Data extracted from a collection
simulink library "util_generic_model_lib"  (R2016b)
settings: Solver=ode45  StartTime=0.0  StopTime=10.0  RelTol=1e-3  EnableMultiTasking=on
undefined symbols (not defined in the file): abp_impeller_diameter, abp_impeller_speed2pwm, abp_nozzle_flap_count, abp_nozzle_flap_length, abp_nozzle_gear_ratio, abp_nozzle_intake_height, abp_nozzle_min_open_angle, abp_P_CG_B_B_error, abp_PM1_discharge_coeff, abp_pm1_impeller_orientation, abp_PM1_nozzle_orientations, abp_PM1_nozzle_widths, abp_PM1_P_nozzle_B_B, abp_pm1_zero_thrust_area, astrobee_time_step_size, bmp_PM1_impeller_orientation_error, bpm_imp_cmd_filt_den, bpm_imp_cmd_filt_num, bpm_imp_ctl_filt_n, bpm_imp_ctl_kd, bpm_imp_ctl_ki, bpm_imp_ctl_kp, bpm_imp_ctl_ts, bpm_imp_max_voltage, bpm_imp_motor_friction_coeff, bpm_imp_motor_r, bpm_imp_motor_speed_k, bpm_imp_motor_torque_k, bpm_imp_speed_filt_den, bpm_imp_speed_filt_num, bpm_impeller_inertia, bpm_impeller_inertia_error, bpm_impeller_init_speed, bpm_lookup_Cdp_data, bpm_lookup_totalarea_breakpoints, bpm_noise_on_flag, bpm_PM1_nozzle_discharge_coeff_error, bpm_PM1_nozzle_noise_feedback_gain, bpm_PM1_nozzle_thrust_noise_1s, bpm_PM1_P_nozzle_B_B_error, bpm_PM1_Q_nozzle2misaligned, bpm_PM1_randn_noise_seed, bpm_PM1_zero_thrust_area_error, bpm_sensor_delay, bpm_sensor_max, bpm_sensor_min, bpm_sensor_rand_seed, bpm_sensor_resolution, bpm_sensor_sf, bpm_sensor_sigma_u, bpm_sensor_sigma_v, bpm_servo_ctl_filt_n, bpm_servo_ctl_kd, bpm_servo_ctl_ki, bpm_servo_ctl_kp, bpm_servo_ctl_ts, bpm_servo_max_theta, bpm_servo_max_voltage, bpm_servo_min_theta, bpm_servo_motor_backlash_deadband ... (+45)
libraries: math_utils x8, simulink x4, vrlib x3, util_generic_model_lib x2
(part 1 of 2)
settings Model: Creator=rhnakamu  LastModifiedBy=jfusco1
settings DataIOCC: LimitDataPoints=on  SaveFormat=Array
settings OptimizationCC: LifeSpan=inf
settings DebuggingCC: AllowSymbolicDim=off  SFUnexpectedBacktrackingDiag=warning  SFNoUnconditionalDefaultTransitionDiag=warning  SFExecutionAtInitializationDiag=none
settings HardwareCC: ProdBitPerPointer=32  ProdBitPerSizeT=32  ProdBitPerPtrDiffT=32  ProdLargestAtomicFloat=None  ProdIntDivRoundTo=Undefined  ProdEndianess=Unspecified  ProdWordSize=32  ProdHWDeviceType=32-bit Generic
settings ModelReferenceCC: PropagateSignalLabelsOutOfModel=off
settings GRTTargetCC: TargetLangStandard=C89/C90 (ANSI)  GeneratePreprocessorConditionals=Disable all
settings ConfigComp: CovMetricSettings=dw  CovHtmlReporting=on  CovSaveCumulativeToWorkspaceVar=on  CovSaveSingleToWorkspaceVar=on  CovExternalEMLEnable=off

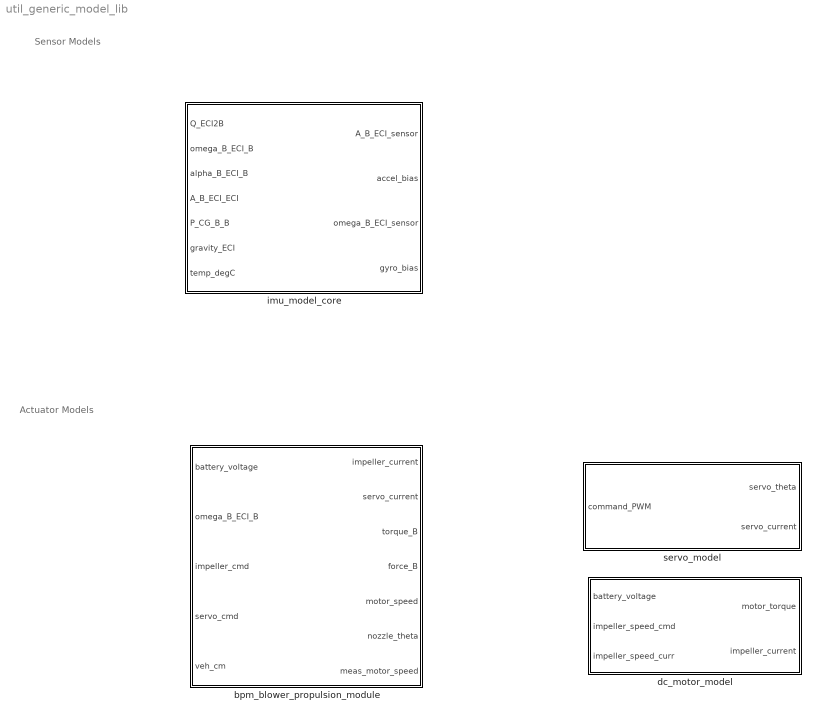
== system util_generic_model_lib ==
  note: Sensor Models
  note: Actuator Models
  bpm_blower_propulsion_module : Subsystem  mask{s_ctl_ts=bpm_servo_ctl_ts, s_ctl_pwm2angle=bpm_servo_pwm2angle, s_ctl_pwm2angle_bias=bpm_servo_pwm2angle_bias, s_ctl_kp=bpm_servo_ctl_kp, s_ctl_ki=bpm_servo_ctl_ki, s_ctl_kd=bpm_servo_ctl_kd, s_ctl_filt_n=bpm_servo_ctl_filt_n, s_ctl_max_volt=bpm_servo_max_voltage, s_motor_k=bpm_servo_motor_k, s_motor_r=bpm_servo_motor_r, s_motor_friction_coeff=bpm_servo_motor_friction_coeff, s_motor_gear_ratio=bpm_servo_motor_gear_ratio, s_motor_gear_box_inertia=bpm_servo_motor_gear_box_inertia, servo_max_theta=bpm_servo_max_theta, servo_min_theta=bpm_servo_min_theta, servo_backlash_deadband=bpm_servo_motor_backlash_deadband, P_nozzle_B_B=abp_PM1_P_nozzle_B_B, P_nozzle_B_B_offset=bpm_PM1_P_nozzle_B_B_error, nozzle_orientation_B=abp_PM1_nozzle_orientations, nozzle_orientation_offset=bpm_PM1_Q_nozzle2misaligned, noz_cd=abp_PM1_discharge_coeff, noz_cd_error=bpm_PM1_nozzle_discharge_coeff_error, noz_width=abp_PM1_nozzle_widths, noz_min_theta=abp_nozzle_min_open_angle, noz_intake_height=abp_nozzle_intake_height, noz_flap_length=abp_nozzle_flap_length, noz_flap_count=abp_nozzle_flap_count, noz_gear_ratio=abp_nozzle_gear_ratio, noz_thrust_noise=bpm_PM1_nozzle_thrust_noise_1s, noz_thrust_noise_feedback=bpm_PM1_nozzle_noise_feedback_gain, noz_randn_seed=bpm_PM1_randn_noise_seed, i_ctl_ts=bpm_imp_ctl_ts, i_ctl_pwm2speed=1/abp_impeller_speed2pwm, i_ctl_cmd_filt_num=bpm_imp_cmd_filt_num, i_ctl_cmd_filt_den=bpm_imp_cmd_filt_den, i_ctl_speed_filt_num=bpm_imp_speed_filt_num, i_ctl_speed_filt_den=bpm_imp_speed_filt_den, i_ctl_kp=bpm_imp_ctl_kp, i_ctl_ki=bpm_imp_ctl_ki, i_ctl_kd=bpm_imp_ctl_kd, i_ctl_filt_n=bpm_imp_ctl_filt_n, i_ctl_max_volt=bpm_imp_max_voltage, i_motor_kn=bpm_imp_motor_speed_k, i_motor_r=bpm_imp_motor_r, i_motor_kt=bpm_imp_motor_torque_k, i_motor_friction_coeff=bpm_imp_motor_friction_coeff, imp_unit_vec_B=abp_pm1_impeller_orientation, imp_unit_vec_B_offset=bmp_PM1_impeller_orientation_error, imp_zero_thrust_area=abp_pm1_zero_thrust_area, imp_zero_thrust_area_error=bpm_PM1_zero_thrust_area_error, imp_diameter=abp_impeller_diameter, imp_cdp_lookup=bpm_lookup_Cdp_data, imp_area_lookup=bpm_lookup_totalarea_breakpoints, imp_inertia=bpm_impeller_inertia, imp_inertia_error=bpm_impeller_inertia_error, imp_init_speed=bpm_impeller_init_speed, sens_sf=bpm_sensor_sf, sens_sigma_u=bpm_sensor_sigma_u, sens_sigma_v=bpm_sensor_sigma_v, sens_rand_seed=bpm_sensor_rand_seed, sens_resolution=bpm_sensor_resolution, sens_max=bpm_sensor_max, sens_min=bpm_sensor_min, sens_delay=bpm_sensor_delay, P_CG_B_B_error=abp_P_CG_B_B_error, const_air_den=const_air_density, sim_step_size=astrobee_time_step_size, noise_on_flag=bpm_noise_on_flag}
      mask prompts: s_ctl_ts "Controller Sample Time"; s_ctl_pwm2angle "PWM2Angle Conversion Gain"; s_ctl_pwm2angle_bias "PWM2Angle Conversion Bias"; s_ctl_kp "PID Controller - P gain"; s_ctl_ki "PID Controller - I gain"; s_ctl_kd "PID Controller - D gain"; s_ctl_filt_n "PID Controller - filter"; s_ctl_max_volt "Max Voltage Output"; s_motor_k "Speed Constant (k)"; s_motor_r "Resistance (r)"; s_motor_friction_coeff "Friction Coefficient"; s_motor_gear_ratio "Gear Ratio"; s_motor_gear_box_inertia "Gear Box Inertia"; servo_max_theta "Servo Max Theta"; servo_min_theta "Servo Min Theta"; servo_backlash_deadband "Backlash Deadband"; P_nozzle_B_B_offset "P_nozzle_B_B offset"; nozzle_orientation_B "Nozzle Orientation (B frame)"; nozzle_orientation_offset "Nozzle Orientation (offset)"; noz_cd "Discharge Coefficients"; noz_cd_error "Discharge Coefficients Error"; noz_width "Widths"; noz_min_theta "Min Theta"; noz_intake_height "Intake Height"; noz_flap_length "Flap Length"; noz_flap_count "Flap Count (per nozzle)"; noz_gear_ratio "Servo2Nozzle Gear Ratio"; noz_thrust_noise "Nozzle Thrust Noise (1-sigma)"; noz_thrust_noise_feedback "Nozzle Thrust Noise Feedback Gain"; noz_randn_seed "Nozzle Randn Seed"; i_ctl_ts "Controller Sample Time"; i_ctl_pwm2speed "PWM2Speed Conversion Gain"; i_ctl_cmd_filt_num "Speed Cmd Filter (Num)"; i_ctl_cmd_filt_den "Speed Cmd Filter (Den)"; i_ctl_speed_filt_num "Speed Filt (Num)"; i_ctl_speed_filt_den "Speed Filt (Den)"; i_ctl_kp "PID Controller - P gain"; i_ctl_ki "PID Controller - I Gain"; i_ctl_kd "PID Controller - D gain"; i_ctl_filt_n "PID Controller - filter"; i_ctl_max_volt "Max Voltage Output"; i_motor_kn "Speed Constant (kn)"; i_motor_r "Resistance (r)"; i_motor_kt "Torque Constant (kt)"; i_motor_friction_coeff "Friction Coefficient"; imp_unit_vec_B "Rotational Unit Vector (B frame)"; imp_unit_vec_B_offset "Rotational Unit Vector Offset"; imp_zero_thrust_area "Zero Thrust Area (Leakage)"; imp_zero_thrust_area_error "Zero Thrust Area Error"; imp_diameter "Diameter"; imp_cdp_lookup "Lookup Cdp data"; imp_area_lookup "Lookup totalarea breakpoints"; imp_inertia "Inertia"; imp_inertia_error "Inertia Error"; imp_init_speed "Initial Speed"; sens_sf "Scale Factor"; sens_sigma_u "Sigma U (noise)"; sens_sigma_v "Sigma V (noise)"; sens_rand_seed "Randn Seed"; sens_resolution "Resolution"; sens_max "Max Output"; sens_min "Min Output"; sens_delay "Output Delay"; P_CG_B_B_error "Position of CG error"; const_air_den "Air Density Constant"; sim_step_size "Simulation Step Size"; noise_on_flag "Noise On Flag (1=on, 0=off)"
      mask DialogControl DescGroupVar Prompt: Blower Propulsion Model Parameters
  dc_motor_model : Subsystem  mask{controller_sample_time=0, ctl_pwm2speed=0, ctl_cmd_filt_num=0, ctl_cmd_filt_den=0, ctl_speed_filt_num=0, ctl_speed_cilt_den=0, ctl_kp=0, ctl_ki=0, ctl_kd=0, ctl_filt_n=0, ctl_max_voltage=0, motor_kn=0, motor_r=0, motor_kt=0, motor_friction_coeff=0}
      mask prompts: controller_sample_time "Controller Sample Time"; ctl_pwm2speed "PWM2Speed Conversion Gain"; ctl_cmd_filt_num "Speed Cmd Filter (Num)"; ctl_cmd_filt_den "Speed Cmd Filter (Den)"; ctl_speed_filt_num "Speed Filter (Num)"; ctl_speed_cilt_den "Speed Filter (Den)"; ctl_kp "PID Controller - P Gain"; ctl_ki "PID Controller - I Gain"; ctl_kd "PID Controller - D Gain"; ctl_filt_n "PID Controller - filter"; ctl_max_voltage "Max Voltage Output"; motor_kn "Speed Constant (kn)"; motor_r "Resistance (r)"; motor_kt "Torque Constant (kt)"; motor_friction_coeff "Friction Coefficient"
      mask DialogControl DescGroupVar Prompt: Generic DC Motor Model
  imu_model_core : Subsystem  mask{Q_B2accel_nominal=epson_Q_B2accel, Q_B2accel_error=0, Q_B2gyro_nominal=epson_Q_B2gyro, Q_B2gyro_error=0, P_sensor_B_B_nominal=epson_P_sensor_B_B, P_sensor_B_B_error=0, imu_output_delay=epson_output_delay, sample_time=astrobee_time_step_size, report_imu_truth=epson_gyro_report_truth, no_rot_effects=epson_no_rot_effects, accel_sf=epson_accel_sf_coef, accel_nonlinear_coeff=epson_accel_nonlinearity_coeff, accel_temp_coeff=epson_accel_temp_bias_coeff, accel_sigma_vrw=epson_accel_sigma_v, accel_sigma_arw=epson_accel_sigma_u, accel_bias_ic=epson_accel_bias_ic, accel_sigma_markov=epson_accel_sigma_w, accel_markov_tau=epson_accel_markov_tau, accel_noise_seed=epson_accel_noise_seed, accel_filter_num=epson_accel_filt_num, accel_filter_den=epson_accel_filt_den, accel_resolution=epson_accel_resolution, accel_upper_sat=epson_accel_upper_sat, accel_lower_sat=epson_accel_lower_sat, gyro_sf=epson_gyro_sf_coef, gyro_accel_sensitivity=epson_gyro_linear_accel_bias_coeff, gyro_nonlinear_coeff=epson_gyro_nonlinearity_coeff, gyro_temp_coeff=epson_gyro_temp_bias_coeff, gyro_sigma_arw=epson_gyro_sigma_v, gyro_sigma_rrw=epson_gyro_sigma_u, gyro_bias_ic=epson_gyro_bias_ic, gyro_sigma_markov=epson_gyro_sigma_w, gyro_markov_tau=epson_gyro_markov_tau, gyro_noise_seed=epson_gyro_noise_seed, gyro_filter_num=epson_gyro_filt_num, gyro_filter_den=epson_gyro_filt_den, gyro_resolution=epson_gyro_resolution, gyro_upper_sat=epson_gyro_upper_sat, gyro_lower_sat=epson_gyro_lower_sat}
      mask prompts: Q_B2accel_nominal "Q_B2accel (nominal):"; Q_B2accel_error "Q_B2accel (errors):"; Q_B2gyro_nominal "Q_B2gyro (nominal):"; Q_B2gyro_error "Q_B2gyro (errors):"; P_sensor_B_B_nominal "P_sensor_B_B (nominal):"; P_sensor_B_B_error "P_sensor_B_B (error):"; imu_output_delay "Output Delay:"; sample_time "Sample Time:"; report_imu_truth "Report Truth Flag"; no_rot_effects "No Rot Effects Flag"; accel_sf "Scale Factor Coefficient:"; accel_nonlinear_coeff "Non Linearity Coefficient:"; accel_temp_coeff "Temperature Coefficient:"; accel_sigma_vrw "Velocity Random Walk Sigma (m/s^(3/2))"; accel_sigma_arw "Acceleration Random Walk Sigma (m/sec^(5/2))"; accel_bias_ic "Bias I.C."; accel_sigma_markov "Markov Random Drift ((m/s^2)/s)"; accel_markov_tau "Markov Tau constant"; accel_noise_seed "Random Number Seed"; accel_filter_num "Internal Filter Numerator (coefficients)"; accel_filter_den "Internal Filter Denominator (coefficients)"; accel_resolution "Resolution:"; accel_upper_sat "Upper Saturation:"; accel_lower_sat "Lower Saturation:"; gyro_sf "Scale Factor Coefficient:"; gyro_accel_sensitivity "Linear Accel Coefficient:"; gyro_nonlinear_coeff "Non Linearity Coefficient:"; gyro_temp_coeff "Temperature Coefficient:"; gyro_sigma_arw "Angular Random Walk Sigma (rad/sqrt(sec))"; gyro_sigma_rrw "Rate Random Walk Sigma (rad/sec^(3/2))"; gyro_bias_ic "Bias I.C."; gyro_sigma_markov "Markov Random Drift (deg/s)"; gyro_markov_tau "Markov Tau Constant"; gyro_noise_seed "Random Number Seed"; gyro_filter_num "Internal Filter Numerator (coefficients)"; gyro_filter_den "Internal Filter Denominator (coefficients)"; gyro_resolution "Resolution:"; gyro_upper_sat "Upper Saturation:"; gyro_lower_sat "Lower Saturation:"
      mask DialogControl DescTextVar Prompt: Properties for the generic IMU model.
      mask DialogControl Container25 Prompt: Debugging Properties
      mask DialogControl Control6 Prompt: Units are m/s^2 unless stated
      mask DialogControl Container17 Prompt: Scale Factor
      mask DialogControl Container19 Prompt: Bias Coefficients:
      mask DialogControl Container16 Prompt: Noise Parameters
      mask DialogControl Container18 Prompt: Hardware Properties
      mask DialogControl Control7 Prompt: Units are rad/sec unless stated
      mask DialogControl Container20 Prompt: Scale Factor:
      mask DialogControl Container21 Prompt: Bias Coefficients:
      mask DialogControl Container16_copy_copy Prompt: Noise Parameters
      mask DialogControl Container18_copy Prompt: Hardware Properties
  servo_model : Subsystem  TreatAsAtomicUnit=on  mask{controller_sample_time=0, servo_pwm2angle=0, servo_pwm2angle_bias=0, servo_ctl_kp=0, servo_ctl_ki=0, servo_ctl_kd=0, servo_ctl_filt_n=0, servo_ctl_ts=0, servo_max_voltage=0, motor_k=0, motor_r=0, motor_friction_coeff=0, motor_gear_ratio=0, motor_gear_box_inertia=0, servo_max_theta=0, servo_min_theta=0, motor_backlash_deadband=0}
      mask prompts: controller_sample_time "Controller Sample Time"; servo_pwm2angle "PWM2Angle Conversion Gain"; servo_pwm2angle_bias "PWM2Angle Conversion Bias"; servo_ctl_kp "PID Controller - P gain"; servo_ctl_ki "PID Controller - I gain"; servo_ctl_kd "PID Controller - D gain"; servo_ctl_filt_n "PID Controller - filter"; servo_ctl_ts "PID Controller - sample time"; servo_max_voltage "Max Voltage output"; motor_k "Speed Constant (k)"; motor_r "Resistance (r)"; motor_friction_coeff "Friction Coefficient"; motor_gear_ratio "Gear Ratio"; motor_gear_box_inertia "Gear Box Inertia"; servo_max_theta "Servo Max Theta"; servo_min_theta "Servo Min Theta"; motor_backlash_deadband "Backlash Deadband"
      mask DialogControl DescGroupVar Prompt: Generic Servo Model

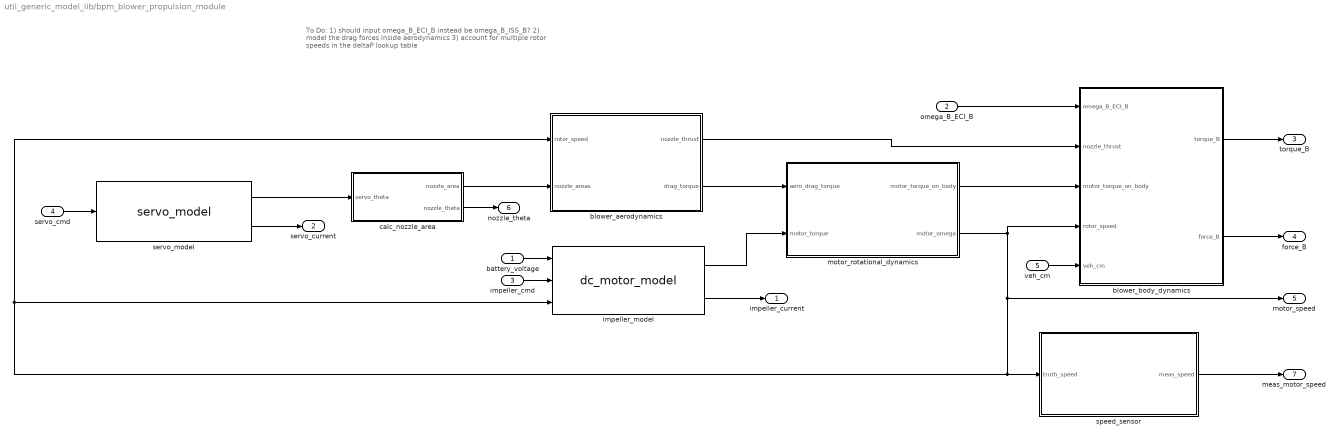
== system util_generic_model_lib/bpm_blower_propulsion_module ==
  note: To Do:
      | 	1) should input omega_B_ECI_B instead be omega_B_ISS_B?
      | 	2) model the drag forces inside aerodynamics
      | 	3) account for multiple rotor speeds in the deltaP lookup table
  battery_voltage : Inport
  omega_B_ECI_B : Inport  Port=2
  impeller_cmd : Inport  Port=3
  servo_cmd : Inport  Port=4
  veh_cm : Inport  Port=5
  blower_aerodynamics : Subsystem  TreatAsAtomicUnit=on  VariantControl=blw_blower_algebraic == true
      settings: RTWFcnNameOpts=Use subsystem name  RTWFileNameOpts=Use subsystem name
  blower_body_dynamics : Subsystem
  calc_nozzle_area : Subsystem  TreatAsAtomicUnit=on
  impeller_model : util_generic_model_lib/dc_motor_model  controller_sample_time=i_ctl_ts  ctl_pwm2speed=i_ctl_pwm2speed  ctl_cmd_filt_num=i_ctl_cmd_filt_num  ctl_cmd_filt_den=i_ctl_cmd_filt_den  ctl_speed_filt_num=i_ctl_speed_filt_num  ctl_speed_cilt_den=i_ctl_speed_filt_den  ctl_kp=i_ctl_kp  ctl_ki=i_ctl_ki  ctl_kd=i_ctl_kd  ctl_filt_n=i_ctl_filt_n  ctl_max_voltage=i_ctl_max_volt  motor_kn=i_motor_kn  motor_r=i_motor_r  motor_kt=i_motor_kt  motor_friction_coeff=i_motor_friction_coeff
  motor_rotational_dynamics : Subsystem
  servo_model : util_generic_model_lib/servo_model  controller_sample_time=s_ctl_ts  servo_pwm2angle=s_ctl_pwm2angle  servo_pwm2angle_bias=s_ctl_pwm2angle_bias  servo_ctl_kp=s_ctl_kp  servo_ctl_ki=s_ctl_ki  servo_ctl_kd=s_ctl_kd  servo_ctl_filt_n=s_ctl_filt_n  servo_ctl_ts=s_ctl_ts  servo_max_voltage=s_ctl_max_volt  motor_k=s_motor_k  motor_r=s_motor_r  motor_friction_coeff=s_motor_friction_coeff  motor_gear_ratio=s_motor_gear_ratio  motor_gear_box_inertia=s_motor_gear_box_inertia  servo_max_theta=servo_max_theta  servo_min_theta=servo_min_theta  motor_backlash_deadband=servo_backlash_deadband
  speed_sensor : Subsystem
  impeller_current : Outport
  servo_current : Outport  Port=2
  torque_B : Outport  Port=3
  force_B : Outport  Port=4
  motor_speed : Outport  Port=5
  nozzle_theta : Outport  Port=6
  meas_motor_speed : Outport  Port=7
  wires:
  blower_aerodynamics/1(nozzle_thrust) -> blower_body_dynamics/2(nozzle_thrust)
  battery_voltage/1 -> impeller_model/1
  calc_nozzle_area/1(nozzle_area) -> blower_aerodynamics/2(nozzle_areas)
  motor_rotational_dynamics/2(motor_omega) -> blower_body_dynamics/4(rotor_speed), motor_speed/1, impeller_model/3, blower_aerodynamics/1(rotor_speed), speed_sensor/1(truth_speed)
  servo_model/2 -> servo_current/1
  speed_sensor/1(meas_speed) -> meas_motor_speed/1
  omega_B_ECI_B/1 -> blower_body_dynamics/1(omega_B_ECI_B)
  servo_cmd/1 -> servo_model/1
  impeller_cmd/1 -> impeller_model/2
  impeller_model/1 -> motor_rotational_dynamics/2(motor_torque)
  impeller_model/2 -> impeller_current/1
  blower_aerodynamics/2(drag_torque) -> motor_rotational_dynamics/1(aero_drag_torque)
  motor_rotational_dynamics/1(motor_torque_on_body) -> blower_body_dynamics/3(motor_torque_on_body)
  servo_model/1 -> calc_nozzle_area/1(servo_theta)
  calc_nozzle_area/2(nozzle_theta) -> nozzle_theta/1
  blower_body_dynamics/1(torque_B) -> torque_B/1
  blower_body_dynamics/2(force_B) -> force_B/1
  veh_cm/1 -> blower_body_dynamics/5(veh_cm)

== system util_generic_model_lib/dc_motor_model ==
  battery_voltage : Inport
  impeller_speed_cmd : Inport  Port=2
  impeller_speed_curr : Inport  Port=3
  Rate Transition1 : RateTransition  OutPortSampleTime=controller_sample_time
      settings: AttributesFormatString=sampleTime: %<OutPortSampleTime>
  Rate Transition2 : RateTransition  OutPortSampleTime=controller_sample_time
      settings: AttributesFormatString=sampleTime: %<OutPortSampleTime>
  Rate Transition3 : RateTransition
      settings: AttributesFormatString=sampleTime: %<OutPortSampleTime>
  Rate Transition4 : RateTransition  OutPortSampleTime=controller_sample_time
      settings: AttributesFormatString=sampleTime: %<OutPortSampleTime>
  dc_motor_model : Subsystem  TreatAsAtomicUnit=on
  speed_controller : Subsystem  TreatAsAtomicUnit=on
  motor_torque : Outport
  impeller_current : Outport  Port=2
  wires:
  impeller_speed_curr/1 -> Rate Transition4/1, dc_motor_model/2(curr_rotor_speed)
  dc_motor_model/1(motor_torque) -> motor_torque/1
  speed_controller/1(motor_ctl_voltage) -> Rate Transition3/1
  dc_motor_model/2(motor_current) -> impeller_current/1
  battery_voltage/1 -> Rate Transition1/1
  Rate Transition3/1 -> dc_motor_model/1(ctl_voltage)
  Rate Transition1/1 -> speed_controller/1(battery_voltage)
  Rate Transition2/1 -> speed_controller/2(speed_cmd)
  Rate Transition4/1 -> speed_controller/3(speed_curr)
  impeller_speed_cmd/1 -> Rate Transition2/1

◆ TASK TO CARRY OUT: Could you find each line in the entries that contains the string "Properties" and copy it?

◆ RESPONSE:
      mask DialogControl DescTextVar Prompt: Properties for the generic IMU model.
      mask DialogControl Container25 Prompt: Debugging Properties
      mask DialogControl Container18 Prompt: Hardware Properties
      mask DialogControl Container18_copy Prompt: Hardware Properties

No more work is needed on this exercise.